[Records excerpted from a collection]
- - - -

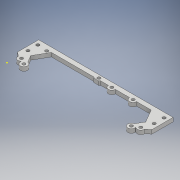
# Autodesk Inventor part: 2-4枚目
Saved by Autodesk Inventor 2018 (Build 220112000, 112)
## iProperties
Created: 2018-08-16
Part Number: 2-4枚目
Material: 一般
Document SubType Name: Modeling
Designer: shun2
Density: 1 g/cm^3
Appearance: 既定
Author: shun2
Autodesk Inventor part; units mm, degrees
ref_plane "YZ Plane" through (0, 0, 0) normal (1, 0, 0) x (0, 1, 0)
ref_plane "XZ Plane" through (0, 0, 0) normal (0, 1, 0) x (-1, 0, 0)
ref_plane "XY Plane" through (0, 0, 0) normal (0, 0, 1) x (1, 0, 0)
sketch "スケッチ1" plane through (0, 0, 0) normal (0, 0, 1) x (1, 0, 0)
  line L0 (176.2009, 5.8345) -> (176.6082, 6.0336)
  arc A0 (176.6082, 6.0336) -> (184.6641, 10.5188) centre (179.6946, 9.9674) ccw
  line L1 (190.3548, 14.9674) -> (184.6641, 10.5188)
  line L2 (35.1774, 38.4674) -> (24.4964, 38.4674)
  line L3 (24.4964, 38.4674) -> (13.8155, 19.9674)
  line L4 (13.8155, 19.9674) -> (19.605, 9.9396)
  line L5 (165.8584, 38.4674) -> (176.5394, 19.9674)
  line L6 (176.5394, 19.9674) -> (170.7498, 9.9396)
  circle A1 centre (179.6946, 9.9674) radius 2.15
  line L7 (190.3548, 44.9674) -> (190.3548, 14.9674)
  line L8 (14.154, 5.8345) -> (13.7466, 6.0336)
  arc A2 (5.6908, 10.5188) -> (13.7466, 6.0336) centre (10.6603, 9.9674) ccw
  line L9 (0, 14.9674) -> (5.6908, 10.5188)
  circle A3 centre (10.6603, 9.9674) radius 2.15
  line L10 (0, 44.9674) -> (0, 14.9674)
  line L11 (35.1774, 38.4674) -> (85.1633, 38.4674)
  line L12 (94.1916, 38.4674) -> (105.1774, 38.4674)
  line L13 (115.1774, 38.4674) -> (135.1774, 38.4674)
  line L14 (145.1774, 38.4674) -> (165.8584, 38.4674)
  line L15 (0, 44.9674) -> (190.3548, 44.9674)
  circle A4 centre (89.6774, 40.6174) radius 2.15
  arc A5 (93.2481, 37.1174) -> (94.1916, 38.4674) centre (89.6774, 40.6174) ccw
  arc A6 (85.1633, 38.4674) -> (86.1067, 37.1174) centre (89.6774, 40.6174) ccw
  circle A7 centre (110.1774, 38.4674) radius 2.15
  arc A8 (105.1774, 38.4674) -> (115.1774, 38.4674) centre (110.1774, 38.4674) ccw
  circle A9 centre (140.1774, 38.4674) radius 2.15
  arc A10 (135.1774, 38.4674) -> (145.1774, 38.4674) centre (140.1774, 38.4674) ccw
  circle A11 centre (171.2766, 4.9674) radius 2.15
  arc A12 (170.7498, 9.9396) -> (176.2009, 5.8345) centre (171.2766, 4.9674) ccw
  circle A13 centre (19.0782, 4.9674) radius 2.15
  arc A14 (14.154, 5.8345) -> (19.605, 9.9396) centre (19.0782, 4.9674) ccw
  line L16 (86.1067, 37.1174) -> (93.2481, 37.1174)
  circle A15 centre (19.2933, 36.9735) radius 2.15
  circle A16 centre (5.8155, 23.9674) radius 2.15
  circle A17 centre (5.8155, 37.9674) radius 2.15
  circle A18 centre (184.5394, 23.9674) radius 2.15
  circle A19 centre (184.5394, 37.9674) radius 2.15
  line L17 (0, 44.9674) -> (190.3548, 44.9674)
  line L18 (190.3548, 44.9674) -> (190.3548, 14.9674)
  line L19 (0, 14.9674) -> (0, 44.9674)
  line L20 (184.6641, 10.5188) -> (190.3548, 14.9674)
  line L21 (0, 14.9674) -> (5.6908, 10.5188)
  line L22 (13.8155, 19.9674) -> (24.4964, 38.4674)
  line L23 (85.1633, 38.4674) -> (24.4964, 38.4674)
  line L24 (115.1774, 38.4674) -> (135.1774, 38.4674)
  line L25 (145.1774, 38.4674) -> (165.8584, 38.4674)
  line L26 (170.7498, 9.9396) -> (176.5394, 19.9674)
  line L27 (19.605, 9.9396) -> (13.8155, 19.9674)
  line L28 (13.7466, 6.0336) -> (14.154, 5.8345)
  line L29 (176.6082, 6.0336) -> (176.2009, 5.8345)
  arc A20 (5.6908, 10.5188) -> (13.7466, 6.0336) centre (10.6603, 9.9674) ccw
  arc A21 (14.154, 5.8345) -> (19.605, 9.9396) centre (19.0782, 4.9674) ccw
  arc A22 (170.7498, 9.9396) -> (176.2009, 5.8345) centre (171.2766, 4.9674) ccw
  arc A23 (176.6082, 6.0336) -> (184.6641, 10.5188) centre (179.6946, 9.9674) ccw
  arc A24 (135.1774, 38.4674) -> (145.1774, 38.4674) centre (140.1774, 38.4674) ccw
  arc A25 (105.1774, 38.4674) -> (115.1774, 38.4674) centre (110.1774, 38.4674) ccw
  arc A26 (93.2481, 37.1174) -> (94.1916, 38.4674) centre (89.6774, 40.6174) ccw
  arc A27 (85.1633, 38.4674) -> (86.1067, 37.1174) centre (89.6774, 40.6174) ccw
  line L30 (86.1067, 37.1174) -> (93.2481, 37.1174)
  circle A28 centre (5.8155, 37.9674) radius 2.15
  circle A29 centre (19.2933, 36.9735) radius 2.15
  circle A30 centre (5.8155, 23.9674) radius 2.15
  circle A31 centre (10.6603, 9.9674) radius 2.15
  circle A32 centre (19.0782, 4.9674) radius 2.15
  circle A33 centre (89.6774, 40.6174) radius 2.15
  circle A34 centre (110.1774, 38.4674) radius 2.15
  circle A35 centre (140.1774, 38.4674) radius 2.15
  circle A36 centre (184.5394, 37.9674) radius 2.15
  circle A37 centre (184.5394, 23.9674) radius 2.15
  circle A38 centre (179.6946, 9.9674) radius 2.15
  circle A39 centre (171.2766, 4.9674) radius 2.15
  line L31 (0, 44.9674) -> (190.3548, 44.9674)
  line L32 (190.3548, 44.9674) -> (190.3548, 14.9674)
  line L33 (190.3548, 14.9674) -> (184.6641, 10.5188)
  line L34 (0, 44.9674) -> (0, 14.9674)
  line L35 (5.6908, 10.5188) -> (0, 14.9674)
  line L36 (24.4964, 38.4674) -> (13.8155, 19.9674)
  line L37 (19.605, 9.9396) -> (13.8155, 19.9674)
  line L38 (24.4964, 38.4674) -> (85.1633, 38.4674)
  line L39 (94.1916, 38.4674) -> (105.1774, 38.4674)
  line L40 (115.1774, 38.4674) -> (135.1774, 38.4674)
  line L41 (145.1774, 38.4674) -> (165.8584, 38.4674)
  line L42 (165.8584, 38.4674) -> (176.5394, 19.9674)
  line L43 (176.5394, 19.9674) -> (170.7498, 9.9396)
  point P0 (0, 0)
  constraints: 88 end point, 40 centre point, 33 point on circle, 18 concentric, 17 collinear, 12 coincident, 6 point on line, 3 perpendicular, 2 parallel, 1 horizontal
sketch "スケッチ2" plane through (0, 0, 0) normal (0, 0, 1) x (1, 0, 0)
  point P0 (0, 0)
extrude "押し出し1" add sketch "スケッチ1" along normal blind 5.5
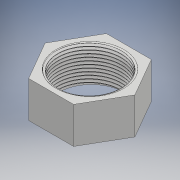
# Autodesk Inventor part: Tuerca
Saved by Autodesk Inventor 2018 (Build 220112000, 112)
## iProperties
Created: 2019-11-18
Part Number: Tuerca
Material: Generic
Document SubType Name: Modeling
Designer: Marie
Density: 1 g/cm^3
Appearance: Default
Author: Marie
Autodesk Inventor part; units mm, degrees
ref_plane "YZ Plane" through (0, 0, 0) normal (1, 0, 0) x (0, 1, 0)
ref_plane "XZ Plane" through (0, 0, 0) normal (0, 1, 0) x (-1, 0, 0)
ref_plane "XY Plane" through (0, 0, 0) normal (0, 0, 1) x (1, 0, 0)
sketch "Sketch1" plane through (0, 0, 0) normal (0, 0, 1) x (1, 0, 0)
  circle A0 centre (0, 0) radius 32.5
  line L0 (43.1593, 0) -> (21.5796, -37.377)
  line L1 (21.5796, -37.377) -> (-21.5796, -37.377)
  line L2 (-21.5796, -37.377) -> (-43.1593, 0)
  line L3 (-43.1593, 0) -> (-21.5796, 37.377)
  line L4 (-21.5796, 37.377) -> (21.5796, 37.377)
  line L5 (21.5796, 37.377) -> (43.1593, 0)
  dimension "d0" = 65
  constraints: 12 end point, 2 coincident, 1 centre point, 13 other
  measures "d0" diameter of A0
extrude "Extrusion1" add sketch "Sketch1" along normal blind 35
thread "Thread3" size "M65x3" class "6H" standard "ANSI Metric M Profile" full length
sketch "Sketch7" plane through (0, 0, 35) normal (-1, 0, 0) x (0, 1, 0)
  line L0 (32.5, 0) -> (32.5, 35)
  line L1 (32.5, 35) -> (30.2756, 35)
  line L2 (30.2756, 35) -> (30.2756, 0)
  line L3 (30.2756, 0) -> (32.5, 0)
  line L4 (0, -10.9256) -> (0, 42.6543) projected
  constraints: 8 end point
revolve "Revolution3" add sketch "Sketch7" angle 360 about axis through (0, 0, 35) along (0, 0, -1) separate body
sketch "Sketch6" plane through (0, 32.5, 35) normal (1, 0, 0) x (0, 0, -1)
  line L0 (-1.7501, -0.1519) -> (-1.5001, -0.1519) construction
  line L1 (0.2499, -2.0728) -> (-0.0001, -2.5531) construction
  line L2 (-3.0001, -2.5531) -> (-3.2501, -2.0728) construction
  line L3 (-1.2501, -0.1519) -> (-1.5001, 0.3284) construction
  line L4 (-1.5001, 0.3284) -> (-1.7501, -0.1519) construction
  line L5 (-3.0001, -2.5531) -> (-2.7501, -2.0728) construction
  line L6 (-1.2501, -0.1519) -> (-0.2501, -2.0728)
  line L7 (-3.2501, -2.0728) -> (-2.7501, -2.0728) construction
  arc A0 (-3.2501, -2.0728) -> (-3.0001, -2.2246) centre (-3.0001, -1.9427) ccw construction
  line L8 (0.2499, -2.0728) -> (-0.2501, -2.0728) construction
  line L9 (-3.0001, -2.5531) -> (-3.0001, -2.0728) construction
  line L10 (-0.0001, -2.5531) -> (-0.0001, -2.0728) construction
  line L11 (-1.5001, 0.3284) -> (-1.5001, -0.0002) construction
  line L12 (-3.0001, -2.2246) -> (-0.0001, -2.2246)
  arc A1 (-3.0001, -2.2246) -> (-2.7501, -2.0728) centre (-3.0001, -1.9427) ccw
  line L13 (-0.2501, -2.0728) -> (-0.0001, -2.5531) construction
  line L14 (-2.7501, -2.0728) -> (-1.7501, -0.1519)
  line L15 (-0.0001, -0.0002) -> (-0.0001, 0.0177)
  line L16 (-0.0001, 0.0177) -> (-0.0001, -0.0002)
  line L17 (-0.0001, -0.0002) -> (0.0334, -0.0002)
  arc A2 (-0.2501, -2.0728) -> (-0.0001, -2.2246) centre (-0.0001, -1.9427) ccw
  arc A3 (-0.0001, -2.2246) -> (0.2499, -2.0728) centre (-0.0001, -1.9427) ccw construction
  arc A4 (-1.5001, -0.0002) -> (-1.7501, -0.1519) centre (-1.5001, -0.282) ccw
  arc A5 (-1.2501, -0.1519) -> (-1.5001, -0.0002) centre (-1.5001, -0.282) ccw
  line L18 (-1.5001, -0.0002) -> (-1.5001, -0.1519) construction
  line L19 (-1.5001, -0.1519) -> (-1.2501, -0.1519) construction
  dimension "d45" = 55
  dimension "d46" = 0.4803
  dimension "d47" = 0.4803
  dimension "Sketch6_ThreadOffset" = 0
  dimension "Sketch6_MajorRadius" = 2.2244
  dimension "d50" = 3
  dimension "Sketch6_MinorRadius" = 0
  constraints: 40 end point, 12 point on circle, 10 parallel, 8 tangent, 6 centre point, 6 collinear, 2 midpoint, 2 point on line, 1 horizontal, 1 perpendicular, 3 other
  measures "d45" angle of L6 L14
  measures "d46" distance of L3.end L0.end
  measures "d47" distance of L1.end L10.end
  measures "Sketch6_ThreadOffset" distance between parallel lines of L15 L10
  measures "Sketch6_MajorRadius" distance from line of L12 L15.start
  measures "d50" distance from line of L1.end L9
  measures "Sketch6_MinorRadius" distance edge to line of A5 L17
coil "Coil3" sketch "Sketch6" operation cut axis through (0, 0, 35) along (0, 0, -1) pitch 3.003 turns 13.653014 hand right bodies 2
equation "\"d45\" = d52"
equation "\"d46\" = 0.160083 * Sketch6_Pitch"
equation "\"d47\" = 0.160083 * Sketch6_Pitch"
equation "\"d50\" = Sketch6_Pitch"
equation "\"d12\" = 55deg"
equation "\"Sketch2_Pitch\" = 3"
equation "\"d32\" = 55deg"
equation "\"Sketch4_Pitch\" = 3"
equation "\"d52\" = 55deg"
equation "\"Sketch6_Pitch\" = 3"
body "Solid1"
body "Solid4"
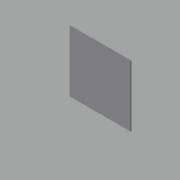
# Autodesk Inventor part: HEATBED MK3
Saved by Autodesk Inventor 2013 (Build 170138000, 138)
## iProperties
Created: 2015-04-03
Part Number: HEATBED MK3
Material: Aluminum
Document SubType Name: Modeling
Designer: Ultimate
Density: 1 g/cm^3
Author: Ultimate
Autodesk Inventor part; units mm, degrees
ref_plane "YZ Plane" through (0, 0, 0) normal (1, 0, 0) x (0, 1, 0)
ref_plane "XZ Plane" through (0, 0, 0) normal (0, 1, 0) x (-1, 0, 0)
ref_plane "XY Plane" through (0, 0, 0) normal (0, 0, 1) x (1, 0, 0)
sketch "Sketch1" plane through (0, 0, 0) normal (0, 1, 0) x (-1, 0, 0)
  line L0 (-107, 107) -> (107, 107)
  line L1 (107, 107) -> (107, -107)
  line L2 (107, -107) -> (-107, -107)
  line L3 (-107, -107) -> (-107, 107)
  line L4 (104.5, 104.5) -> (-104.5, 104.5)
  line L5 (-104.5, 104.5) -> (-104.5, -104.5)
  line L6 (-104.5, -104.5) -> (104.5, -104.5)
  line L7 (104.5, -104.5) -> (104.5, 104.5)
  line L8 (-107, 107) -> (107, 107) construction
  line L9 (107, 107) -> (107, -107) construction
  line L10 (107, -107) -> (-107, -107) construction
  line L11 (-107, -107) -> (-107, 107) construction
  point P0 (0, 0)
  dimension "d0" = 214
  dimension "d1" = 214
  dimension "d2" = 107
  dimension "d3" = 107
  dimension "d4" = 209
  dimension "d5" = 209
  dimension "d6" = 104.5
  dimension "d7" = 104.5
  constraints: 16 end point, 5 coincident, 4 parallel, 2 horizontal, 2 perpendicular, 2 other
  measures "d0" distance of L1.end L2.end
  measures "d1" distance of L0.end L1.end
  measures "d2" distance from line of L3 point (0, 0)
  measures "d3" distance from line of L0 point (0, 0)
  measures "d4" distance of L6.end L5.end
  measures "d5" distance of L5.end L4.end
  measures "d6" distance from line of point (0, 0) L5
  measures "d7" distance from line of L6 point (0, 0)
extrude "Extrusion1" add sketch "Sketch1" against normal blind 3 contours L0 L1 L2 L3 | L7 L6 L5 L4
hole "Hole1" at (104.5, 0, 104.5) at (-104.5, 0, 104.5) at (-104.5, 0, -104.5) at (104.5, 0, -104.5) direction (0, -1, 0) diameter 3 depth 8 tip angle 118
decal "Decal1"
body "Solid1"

- - - -

INSTRUCTIONS FOR THE TASK: Every line from the first line of the entries above through the line with "circle A3 centre" must be repeated exactly, and pictures must not be.

TASK RESULT:
# Autodesk Inventor part: 2-4枚目
Saved by Autodesk Inventor 2018 (Build 220112000, 112)
## iProperties
Created: 2018-08-16
Part Number: 2-4枚目
Material: 一般
Document SubType Name: Modeling
Designer: shun2
Density: 1 g/cm^3
Appearance: 既定
Author: shun2
Autodesk Inventor part; units mm, degrees
ref_plane "YZ Plane" through (0, 0, 0) normal (1, 0, 0) x (0, 1, 0)
ref_plane "XZ Plane" through (0, 0, 0) normal (0, 1, 0) x (-1, 0, 0)
ref_plane "XY Plane" through (0, 0, 0) normal (0, 0, 1) x (1, 0, 0)
sketch "スケッチ1" plane through (0, 0, 0) normal (0, 0, 1) x (1, 0, 0)
  line L0 (176.2009, 5.8345) -> (176.6082, 6.0336)
  arc A0 (176.6082, 6.0336) -> (184.6641, 10.5188) centre (179.6946, 9.9674) ccw
  line L1 (190.3548, 14.9674) -> (184.6641, 10.5188)
  line L2 (35.1774, 38.4674) -> (24.4964, 38.4674)
  line L3 (24.4964, 38.4674) -> (13.8155, 19.9674)
  line L4 (13.8155, 19.9674) -> (19.605, 9.9396)
  line L5 (165.8584, 38.4674) -> (176.5394, 19.9674)
  line L6 (176.5394, 19.9674) -> (170.7498, 9.9396)
  circle A1 centre (179.6946, 9.9674) radius 2.15
  line L7 (190.3548, 44.9674) -> (190.3548, 14.9674)
  line L8 (14.154, 5.8345) -> (13.7466, 6.0336)
  arc A2 (5.6908, 10.5188) -> (13.7466, 6.0336) centre (10.6603, 9.9674) ccw
  line L9 (0, 14.9674) -> (5.6908, 10.5188)
  circle A3 centre (10.6603, 9.9674) radius 2.15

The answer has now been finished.